## Directions for this task
Would you repeat each line below exactly, without the pictures?
*** Opening of Given records ***
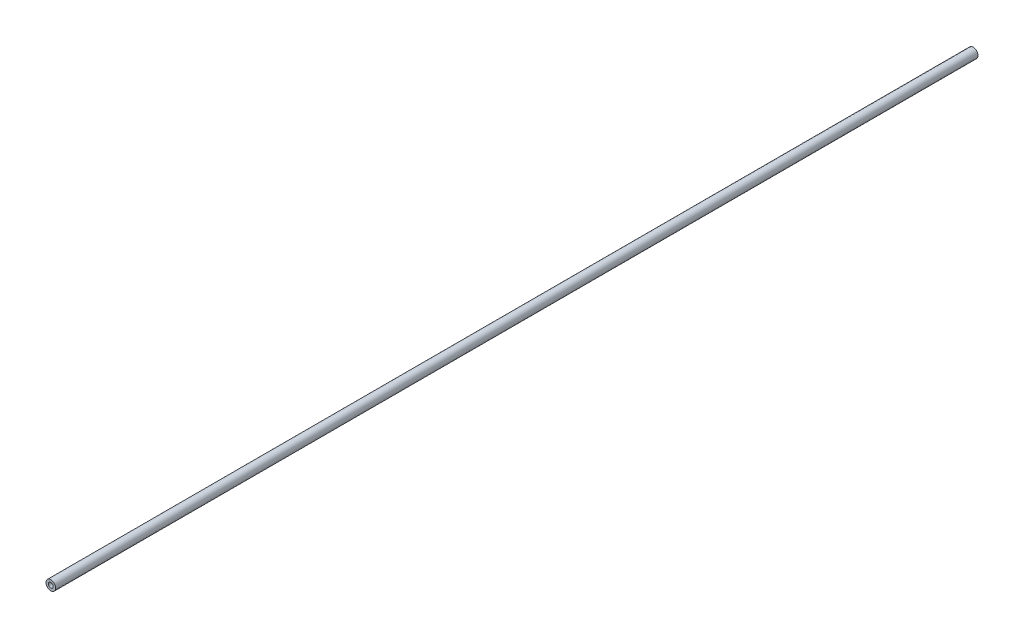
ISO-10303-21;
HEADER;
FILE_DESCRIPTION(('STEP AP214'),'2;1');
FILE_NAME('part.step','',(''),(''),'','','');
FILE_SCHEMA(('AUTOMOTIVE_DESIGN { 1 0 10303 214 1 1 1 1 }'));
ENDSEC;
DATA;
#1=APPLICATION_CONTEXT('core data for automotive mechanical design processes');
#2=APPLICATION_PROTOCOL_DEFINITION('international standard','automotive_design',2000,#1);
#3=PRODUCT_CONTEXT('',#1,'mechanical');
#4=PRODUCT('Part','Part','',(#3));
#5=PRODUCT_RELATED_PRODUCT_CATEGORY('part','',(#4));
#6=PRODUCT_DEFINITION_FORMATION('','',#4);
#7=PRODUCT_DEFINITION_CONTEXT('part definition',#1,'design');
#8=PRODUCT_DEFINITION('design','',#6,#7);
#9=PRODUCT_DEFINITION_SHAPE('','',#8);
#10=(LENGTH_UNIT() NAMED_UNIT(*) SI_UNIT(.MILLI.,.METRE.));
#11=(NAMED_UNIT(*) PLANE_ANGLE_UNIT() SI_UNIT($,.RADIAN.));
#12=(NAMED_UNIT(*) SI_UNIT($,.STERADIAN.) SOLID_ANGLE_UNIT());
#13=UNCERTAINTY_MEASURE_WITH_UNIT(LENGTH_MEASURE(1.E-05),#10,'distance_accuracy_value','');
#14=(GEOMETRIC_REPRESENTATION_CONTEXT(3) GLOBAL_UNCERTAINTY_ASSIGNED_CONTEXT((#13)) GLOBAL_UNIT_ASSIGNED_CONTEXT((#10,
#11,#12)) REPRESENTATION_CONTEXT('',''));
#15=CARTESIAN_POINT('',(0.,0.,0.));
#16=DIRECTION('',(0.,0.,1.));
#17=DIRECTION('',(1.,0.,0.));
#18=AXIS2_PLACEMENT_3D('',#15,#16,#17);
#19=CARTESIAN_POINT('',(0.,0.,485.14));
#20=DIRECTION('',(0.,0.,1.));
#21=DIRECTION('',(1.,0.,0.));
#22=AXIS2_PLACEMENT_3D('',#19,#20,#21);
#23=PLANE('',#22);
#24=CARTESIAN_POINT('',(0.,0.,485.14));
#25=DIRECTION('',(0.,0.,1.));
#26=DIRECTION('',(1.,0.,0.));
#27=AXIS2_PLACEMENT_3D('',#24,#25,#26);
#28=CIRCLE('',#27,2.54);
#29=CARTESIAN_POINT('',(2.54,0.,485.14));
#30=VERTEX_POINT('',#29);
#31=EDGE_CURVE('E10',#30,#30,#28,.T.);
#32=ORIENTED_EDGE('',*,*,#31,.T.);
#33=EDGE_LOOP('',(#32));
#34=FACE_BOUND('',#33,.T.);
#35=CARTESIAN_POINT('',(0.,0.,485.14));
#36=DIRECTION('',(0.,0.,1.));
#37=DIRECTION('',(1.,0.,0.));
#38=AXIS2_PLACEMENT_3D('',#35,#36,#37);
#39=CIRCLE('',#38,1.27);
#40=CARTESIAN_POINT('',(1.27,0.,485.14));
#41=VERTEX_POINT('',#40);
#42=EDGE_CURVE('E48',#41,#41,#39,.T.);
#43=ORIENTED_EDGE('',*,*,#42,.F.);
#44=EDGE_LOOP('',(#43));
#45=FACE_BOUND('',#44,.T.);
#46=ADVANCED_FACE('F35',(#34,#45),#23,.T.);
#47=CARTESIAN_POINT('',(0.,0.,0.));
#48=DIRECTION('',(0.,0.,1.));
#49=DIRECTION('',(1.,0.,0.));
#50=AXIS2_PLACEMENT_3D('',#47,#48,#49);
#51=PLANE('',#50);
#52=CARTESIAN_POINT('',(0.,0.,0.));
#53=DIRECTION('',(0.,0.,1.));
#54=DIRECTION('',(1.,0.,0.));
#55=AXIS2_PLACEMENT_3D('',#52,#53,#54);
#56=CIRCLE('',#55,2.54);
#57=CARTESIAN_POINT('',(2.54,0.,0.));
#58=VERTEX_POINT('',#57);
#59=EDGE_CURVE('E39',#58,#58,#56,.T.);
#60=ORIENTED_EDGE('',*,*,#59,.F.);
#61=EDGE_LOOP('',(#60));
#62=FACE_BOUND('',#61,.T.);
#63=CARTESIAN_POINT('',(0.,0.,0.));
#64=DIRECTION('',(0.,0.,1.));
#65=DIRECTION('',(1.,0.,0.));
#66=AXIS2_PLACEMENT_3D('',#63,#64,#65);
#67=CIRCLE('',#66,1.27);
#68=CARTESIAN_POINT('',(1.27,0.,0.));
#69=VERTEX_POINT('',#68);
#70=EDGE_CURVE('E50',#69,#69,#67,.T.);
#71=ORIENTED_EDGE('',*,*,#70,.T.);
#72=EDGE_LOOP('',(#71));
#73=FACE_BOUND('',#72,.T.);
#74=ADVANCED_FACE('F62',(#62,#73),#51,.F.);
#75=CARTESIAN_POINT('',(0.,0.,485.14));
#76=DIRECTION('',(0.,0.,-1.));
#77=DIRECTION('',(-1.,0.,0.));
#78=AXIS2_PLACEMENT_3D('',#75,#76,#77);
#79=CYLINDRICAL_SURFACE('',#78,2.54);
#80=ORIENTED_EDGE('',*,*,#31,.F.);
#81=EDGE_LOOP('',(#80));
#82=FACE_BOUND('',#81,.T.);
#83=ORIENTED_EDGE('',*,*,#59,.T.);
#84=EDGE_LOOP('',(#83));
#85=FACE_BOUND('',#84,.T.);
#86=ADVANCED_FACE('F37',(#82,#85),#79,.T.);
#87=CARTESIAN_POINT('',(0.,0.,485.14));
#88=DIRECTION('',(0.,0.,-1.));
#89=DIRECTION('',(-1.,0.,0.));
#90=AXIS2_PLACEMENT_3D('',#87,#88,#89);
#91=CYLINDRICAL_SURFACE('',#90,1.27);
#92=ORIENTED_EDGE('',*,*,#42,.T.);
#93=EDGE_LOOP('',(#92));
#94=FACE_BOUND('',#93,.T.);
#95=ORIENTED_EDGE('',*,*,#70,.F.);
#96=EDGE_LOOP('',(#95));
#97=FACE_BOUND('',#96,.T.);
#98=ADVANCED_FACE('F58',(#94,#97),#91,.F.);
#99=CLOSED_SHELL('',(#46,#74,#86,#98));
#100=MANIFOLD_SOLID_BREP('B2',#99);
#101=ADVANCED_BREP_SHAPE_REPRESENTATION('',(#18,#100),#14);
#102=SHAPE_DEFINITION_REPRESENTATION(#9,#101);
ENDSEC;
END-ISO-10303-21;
*** Close of Given records ***
## Problem solution
ISO-10303-21;
HEADER;
FILE_DESCRIPTION(('STEP AP214'),'2;1');
FILE_NAME('part.step','',(''),(''),'','','');
FILE_SCHEMA(('AUTOMOTIVE_DESIGN { 1 0 10303 214 1 1 1 1 }'));
ENDSEC;
DATA;
#1=APPLICATION_CONTEXT('core data for automotive mechanical design processes');
#2=APPLICATION_PROTOCOL_DEFINITION('international standard','automotive_design',2000,#1);
#3=PRODUCT_CONTEXT('',#1,'mechanical');
#4=PRODUCT('Part','Part','',(#3));
#5=PRODUCT_RELATED_PRODUCT_CATEGORY('part','',(#4));
#6=PRODUCT_DEFINITION_FORMATION('','',#4);
#7=PRODUCT_DEFINITION_CONTEXT('part definition',#1,'design');
#8=PRODUCT_DEFINITION('design','',#6,#7);
#9=PRODUCT_DEFINITION_SHAPE('','',#8);
#10=(LENGTH_UNIT() NAMED_UNIT(*) SI_UNIT(.MILLI.,.METRE.));
#11=(NAMED_UNIT(*) PLANE_ANGLE_UNIT() SI_UNIT($,.RADIAN.));
#12=(NAMED_UNIT(*) SI_UNIT($,.STERADIAN.) SOLID_ANGLE_UNIT());
#13=UNCERTAINTY_MEASURE_WITH_UNIT(LENGTH_MEASURE(1.E-05),#10,'distance_accuracy_value','');
#14=(GEOMETRIC_REPRESENTATION_CONTEXT(3) GLOBAL_UNCERTAINTY_ASSIGNED_CONTEXT((#13)) GLOBAL_UNIT_ASSIGNED_CONTEXT((#10,
#11,#12)) REPRESENTATION_CONTEXT('',''));
#15=CARTESIAN_POINT('',(0.,0.,0.));
#16=DIRECTION('',(0.,0.,1.));
#17=DIRECTION('',(1.,0.,0.));
#18=AXIS2_PLACEMENT_3D('',#15,#16,#17);
#19=CARTESIAN_POINT('',(0.,0.,485.14));
#20=DIRECTION('',(0.,0.,1.));
#21=DIRECTION('',(1.,0.,0.));
#22=AXIS2_PLACEMENT_3D('',#19,#20,#21);
#23=PLANE('',#22);
#24=CARTESIAN_POINT('',(0.,0.,485.14));
#25=DIRECTION('',(0.,0.,1.));
#26=DIRECTION('',(1.,0.,0.));
#27=AXIS2_PLACEMENT_3D('',#24,#25,#26);
#28=CIRCLE('',#27,2.54);
#29=CARTESIAN_POINT('',(2.54,0.,485.14));
#30=VERTEX_POINT('',#29);
#31=EDGE_CURVE('E10',#30,#30,#28,.T.);
#32=ORIENTED_EDGE('',*,*,#31,.T.);
#33=EDGE_LOOP('',(#32));
#34=FACE_BOUND('',#33,.T.);
#35=CARTESIAN_POINT('',(0.,0.,485.14));
#36=DIRECTION('',(0.,0.,1.));
#37=DIRECTION('',(1.,0.,0.));
#38=AXIS2_PLACEMENT_3D('',#35,#36,#37);
#39=CIRCLE('',#38,1.27);
#40=CARTESIAN_POINT('',(1.27,0.,485.14));
#41=VERTEX_POINT('',#40);
#42=EDGE_CURVE('E48',#41,#41,#39,.T.);
#43=ORIENTED_EDGE('',*,*,#42,.F.);
#44=EDGE_LOOP('',(#43));
#45=FACE_BOUND('',#44,.T.);
#46=ADVANCED_FACE('F35',(#34,#45),#23,.T.);
#47=CARTESIAN_POINT('',(0.,0.,0.));
#48=DIRECTION('',(0.,0.,1.));
#49=DIRECTION('',(1.,0.,0.));
#50=AXIS2_PLACEMENT_3D('',#47,#48,#49);
#51=PLANE('',#50);
#52=CARTESIAN_POINT('',(0.,0.,0.));
#53=DIRECTION('',(0.,0.,1.));
#54=DIRECTION('',(1.,0.,0.));
#55=AXIS2_PLACEMENT_3D('',#52,#53,#54);
#56=CIRCLE('',#55,2.54);
#57=CARTESIAN_POINT('',(2.54,0.,0.));
#58=VERTEX_POINT('',#57);
#59=EDGE_CURVE('E39',#58,#58,#56,.T.);
#60=ORIENTED_EDGE('',*,*,#59,.F.);
#61=EDGE_LOOP('',(#60));
#62=FACE_BOUND('',#61,.T.);
#63=CARTESIAN_POINT('',(0.,0.,0.));
#64=DIRECTION('',(0.,0.,1.));
#65=DIRECTION('',(1.,0.,0.));
#66=AXIS2_PLACEMENT_3D('',#63,#64,#65);
#67=CIRCLE('',#66,1.27);
#68=CARTESIAN_POINT('',(1.27,0.,0.));
#69=VERTEX_POINT('',#68);
#70=EDGE_CURVE('E50',#69,#69,#67,.T.);
#71=ORIENTED_EDGE('',*,*,#70,.T.);
#72=EDGE_LOOP('',(#71));
#73=FACE_BOUND('',#72,.T.);
#74=ADVANCED_FACE('F62',(#62,#73),#51,.F.);
#75=CARTESIAN_POINT('',(0.,0.,485.14));
#76=DIRECTION('',(0.,0.,-1.));
#77=DIRECTION('',(-1.,0.,0.));
#78=AXIS2_PLACEMENT_3D('',#75,#76,#77);
#79=CYLINDRICAL_SURFACE('',#78,2.54);
#80=ORIENTED_EDGE('',*,*,#31,.F.);
#81=EDGE_LOOP('',(#80));
#82=FACE_BOUND('',#81,.T.);
#83=ORIENTED_EDGE('',*,*,#59,.T.);
#84=EDGE_LOOP('',(#83));
#85=FACE_BOUND('',#84,.T.);
#86=ADVANCED_FACE('F37',(#82,#85),#79,.T.);
#87=CARTESIAN_POINT('',(0.,0.,485.14));
#88=DIRECTION('',(0.,0.,-1.));
#89=DIRECTION('',(-1.,0.,0.));
#90=AXIS2_PLACEMENT_3D('',#87,#88,#89);
#91=CYLINDRICAL_SURFACE('',#90,1.27);
#92=ORIENTED_EDGE('',*,*,#42,.T.);
#93=EDGE_LOOP('',(#92));
#94=FACE_BOUND('',#93,.T.);
#95=ORIENTED_EDGE('',*,*,#70,.F.);
#96=EDGE_LOOP('',(#95));
#97=FACE_BOUND('',#96,.T.);
#98=ADVANCED_FACE('F58',(#94,#97),#91,.F.);
#99=CLOSED_SHELL('',(#46,#74,#86,#98));
#100=MANIFOLD_SOLID_BREP('B2',#99);
#101=ADVANCED_BREP_SHAPE_REPRESENTATION('',(#18,#100),#14);
#102=SHAPE_DEFINITION_REPRESENTATION(#9,#101);
ENDSEC;
END-ISO-10303-21;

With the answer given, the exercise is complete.